O tubo está oxidando embaixo do revestimento faz meses
Nove da manhã no rack de tubulação. O revestimento da linha principal pende em tiras e deixa o tubo à vista, oxidado de ponta a ponta. Embaixo, no piso de concreto, tem chapas caídas há tanto tempo que já têm a própria ferrugem desenhada em volta. Por ali passa gente todo dia a caminho da oficina. A última inspeção daquele trecho foi há sete meses, e no relatório está escrito “conforme”.
2 câmeras em 1 setores
É assim que se pede
«Me avisa se aparecer revestimento solto ou chapa caída embaixo do rack, e guarda a foto para eu comparar com a do semestre passado.»
Um tubo que oxida embaixo do revestimento não aparece até pingar, e quando pinga já não é um pincel de tinta: é um trecho cortado, uma parada da unidade e um reparo com andaime. E se o que pinga levar produto, aí tem comunicação de ocorrência, tem órgão perguntando e tem uma reunião para explicar por que no relatório do semestre passado estava escrito que tudo estava conforme.
Se decide uma vez
Duas coisas ficam escritas de uma vez, e as duas saem da fábrica. A primeira é a de rotina: que linhas entram, de quanto em quanto tempo a comparação é feita, o que conta como degradação e quem recebe a ficha — manutenção, integridade ou quem responde pela unidade. A segunda é a que pesa: em que linhas nenhum flange é aberto sem que o isolamento tenha sido visto sendo montado antes. Isso se escreve com o procedimento na mesa, uma vez. Dali em diante o IRIS confere todo dia, em cada trecho com câmera, sem depender do calendário de ninguém.

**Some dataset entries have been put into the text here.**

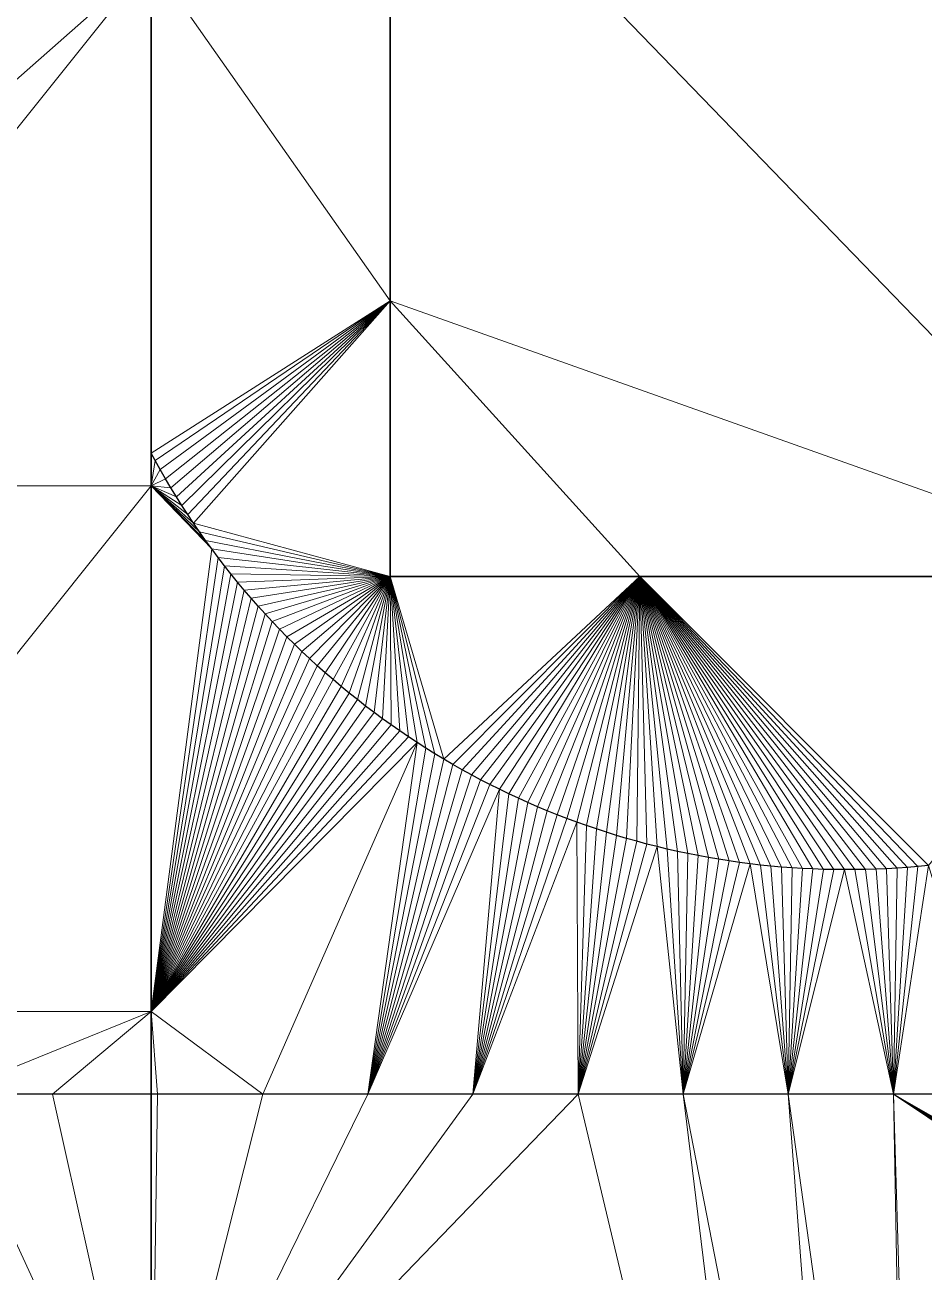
# Model space of a CAD drawing. Header units: metres. Extents: x 246428 to 246884, y 7418966 to 7419490.
# Drawn here: x 246825.43 to 246833.98, y 7419366.13 to 7419378 of the extents above; entities that cross this region are included whole.
import ezdxf

# ---------------------------------------------------------------- set-up
doc = ezdxf.new("R2010")
doc.units = ezdxf.units.M
doc.linetypes.add('blank name', pattern=[0])
doc.linetypes.add('HIDDEN', pattern=[9.525, 6.35, -3.175])
doc.layers.add('_12D_UNMAPPED', color=7, linetype='Continuous')
doc.layers.add('GRADELINES', color=250, linetype='HIDDEN', lineweight=25)
doc.layers.add('MISC_PATHS', color=7, linetype='Continuous', lineweight=35)
doc.layers.add('KERB_BACK', color=7, linetype='Continuous', lineweight=35, true_color=0x5fd2ff)

msp = doc.modelspace()

# ---------------------------------------------------------------- linework, layer by layer
at = {"layer": '_12D_UNMAPPED', "color": 3, "linetype": 'blank name', "lineweight": 0}
for points in [[(246839, 7419383.53, 36.51), (246836.276, 7419372.753, 36.563), (246828.9, 7419380.377, 36.457)], [(246828.9, 7419375.377, 36.491), (246826.627, 7419378.614, 36.446), (246828.9, 7419380.377, 36.457)], [(246836.276, 7419372.753, 36.563), (246828.9, 7419375.377, 36.491), (246828.9, 7419380.377, 36.457)], [(246826.627, 7419373.614, 36.48), (246822.627, 7419373.614, 36.44), (246826.627, 7419378.614, 36.446)], [(246826.627, 7419378.614, 36.446), (246822.627, 7419373.614, 36.44), (246822.627, 7419375.087, 36.43)], [(246826.627, 7419378.614, 36.446), (246822.627, 7419375.087, 36.43), (246822.627, 7419378.614, 36.406)], [(246826.627, 7419373.925, 36.484), (246826.627, 7419378.614, 36.446), (246828.9, 7419375.377, 36.491)], [(246826.627, 7419373.925, 36.484), (246826.627, 7419373.614, 36.48), (246826.627, 7419378.614, 36.446)], [(246826.664, 7419373.857, 36.484), (246826.627, 7419373.925, 36.484), (246828.9, 7419375.377, 36.491)], [(246826.713, 7419373.77, 36.485), (246826.664, 7419373.857, 36.484), (246828.9, 7419375.377, 36.491)], [(246826.763, 7419373.683, 36.486), (246826.713, 7419373.77, 36.485), (246828.9, 7419375.377, 36.491)], [(246826.814, 7419373.597, 36.487), (246826.763, 7419373.683, 36.486), (246828.9, 7419375.377, 36.491)], [(246826.866, 7419373.512, 36.488), (246826.814, 7419373.597, 36.487), (246828.9, 7419375.377, 36.491)], [(246826.919, 7419373.427, 36.489), (246826.866, 7419373.512, 36.488), (246828.9, 7419375.377, 36.491)], [(246826.974, 7419373.343, 36.49), (246826.919, 7419373.427, 36.489), (246828.9, 7419375.377, 36.491)], [(246827.029, 7419373.26, 36.491), (246826.974, 7419373.343, 36.49), (246828.9, 7419375.377, 36.491)], [(246828.9, 7419372.753, 36.508), (246827.029, 7419373.26, 36.491), (246828.9, 7419375.377, 36.491)], [(246831.276, 7419372.753, 36.526), (246828.9, 7419372.753, 36.508), (246828.9, 7419375.377, 36.491)], [(246836.276, 7419372.753, 36.563), (246831.276, 7419372.753, 36.526), (246828.9, 7419375.377, 36.491)], [(246826.664, 7419373.857, 36.484), (246826.627, 7419373.614, 36.48), (246826.627, 7419373.925, 36.484)], [(246826.713, 7419373.77, 36.485), (246826.627, 7419373.614, 36.48), (246826.664, 7419373.857, 36.484)], [(246826.763, 7419373.683, 36.486), (246826.627, 7419373.614, 36.48), (246826.713, 7419373.77, 36.485)], [(246826.814, 7419373.597, 36.487), (246826.627, 7419373.614, 36.48), (246826.763, 7419373.683, 36.486)], [(246826.627, 7419368.614, 36.514), (246822.627, 7419368.614, 36.474), (246826.627, 7419373.614, 36.48)], [(246822.627, 7419368.614, 36.474), (246822.627, 7419373.614, 36.44), (246826.627, 7419373.614, 36.48)], [(246826.866, 7419373.512, 36.488), (246826.627, 7419373.614, 36.48), (246826.814, 7419373.597, 36.487)], [(246826.627, 7419373.614, 36.48), (246826.866, 7419373.512, 36.488), (246826.919, 7419373.427, 36.489)], [(246826.627, 7419368.614, 36.514), (246826.627, 7419373.614, 36.48), (246827.202, 7419373.015, 36.494)], [(246827.202, 7419373.015, 36.494), (246826.627, 7419373.614, 36.48), (246827.143, 7419373.096, 36.493)], [(246827.143, 7419373.096, 36.493), (246826.627, 7419373.614, 36.48), (246827.086, 7419373.177, 36.492)], [(246827.086, 7419373.177, 36.492), (246826.627, 7419373.614, 36.48), (246827.029, 7419373.26, 36.491)], [(246827.029, 7419373.26, 36.491), (246826.627, 7419373.614, 36.48), (246826.974, 7419373.343, 36.49)], [(246826.974, 7419373.343, 36.49), (246826.627, 7419373.614, 36.48), (246826.919, 7419373.427, 36.489)], [(246828.9, 7419372.753, 36.508), (246827.086, 7419373.177, 36.492), (246827.029, 7419373.26, 36.491)], [(246828.9, 7419372.753, 36.508), (246827.143, 7419373.096, 36.493), (246827.086, 7419373.177, 36.492)], [(246828.9, 7419372.753, 36.508), (246827.202, 7419373.015, 36.494), (246827.143, 7419373.096, 36.493)], [(246827.262, 7419372.935, 36.495), (246826.627, 7419368.614, 36.514), (246827.202, 7419373.015, 36.494)], [(246827.323, 7419372.855, 36.496), (246826.627, 7419368.614, 36.514), (246827.262, 7419372.935, 36.495)], [(246828.9, 7419372.753, 36.508), (246827.262, 7419372.935, 36.495), (246827.202, 7419373.015, 36.494)], [(246828.9, 7419372.753, 36.508), (246827.323, 7419372.855, 36.496), (246827.262, 7419372.935, 36.495)], [(246827.385, 7419372.777, 36.497), (246826.627, 7419368.614, 36.514), (246827.323, 7419372.855, 36.496)], [(246828.9, 7419372.753, 36.508), (246827.385, 7419372.777, 36.497), (246827.323, 7419372.855, 36.496)], [(246827.448, 7419372.699, 36.498), (246826.627, 7419368.614, 36.514), (246827.385, 7419372.777, 36.497)], [(246827.512, 7419372.622, 36.499), (246826.627, 7419368.614, 36.514), (246827.448, 7419372.699, 36.498)], [(246828.9, 7419372.753, 36.508), (246827.448, 7419372.699, 36.498), (246827.385, 7419372.777, 36.497)], [(246828.9, 7419372.753, 36.508), (246827.512, 7419372.622, 36.499), (246827.448, 7419372.699, 36.498)], [(246828.9, 7419372.753, 36.508), (246827.577, 7419372.546, 36.5), (246827.512, 7419372.622, 36.499)], [(246828.9, 7419372.753, 36.508), (246827.643, 7419372.471, 36.501), (246827.577, 7419372.546, 36.5)], [(246828.9, 7419372.753, 36.508), (246827.71, 7419372.397, 36.502), (246827.643, 7419372.471, 36.501)], [(246828.9, 7419372.753, 36.508), (246827.778, 7419372.324, 36.503), (246827.71, 7419372.397, 36.502)], [(246828.9, 7419372.753, 36.508), (246827.847, 7419372.251, 36.504), (246827.778, 7419372.324, 36.503)], [(246828.9, 7419372.753, 36.508), (246827.917, 7419372.18, 36.505), (246827.847, 7419372.251, 36.504)], [(246828.9, 7419372.753, 36.508), (246827.988, 7419372.109, 36.506), (246827.917, 7419372.18, 36.505)], [(246828.9, 7419372.753, 36.508), (246828.06, 7419372.04, 36.507), (246827.988, 7419372.109, 36.506)], [(246828.9, 7419372.753, 36.508), (246828.132, 7419371.971, 36.508), (246828.06, 7419372.04, 36.507)], [(246828.9, 7419372.753, 36.508), (246828.206, 7419371.904, 36.509), (246828.132, 7419371.971, 36.508)], [(246828.9, 7419372.753, 36.508), (246828.281, 7419371.837, 36.51), (246828.206, 7419371.904, 36.509)], [(246828.9, 7419372.753, 36.508), (246828.356, 7419371.771, 36.511), (246828.281, 7419371.837, 36.51)], [(246828.9, 7419372.753, 36.508), (246828.432, 7419371.707, 36.512), (246828.356, 7419371.771, 36.511)], [(246828.9, 7419372.753, 36.508), (246828.51, 7419371.643, 36.513), (246828.432, 7419371.707, 36.512)], [(246828.9, 7419372.753, 36.508), (246828.588, 7419371.581, 36.514), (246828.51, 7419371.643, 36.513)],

Num rack de tubulação a palavra isolamento significa duas coisas, e as duas aparecem na mesma câmera. Uma é o revestimento que protege o tubo: quando ele quebra, entra água entre a chapa e o aço e o tubo se come por dentro sem nada aparecer por fora. A outra é o isolamento que protege a pessoa: a linha vazia, bloqueada e purgada antes de alguém encostar num flange.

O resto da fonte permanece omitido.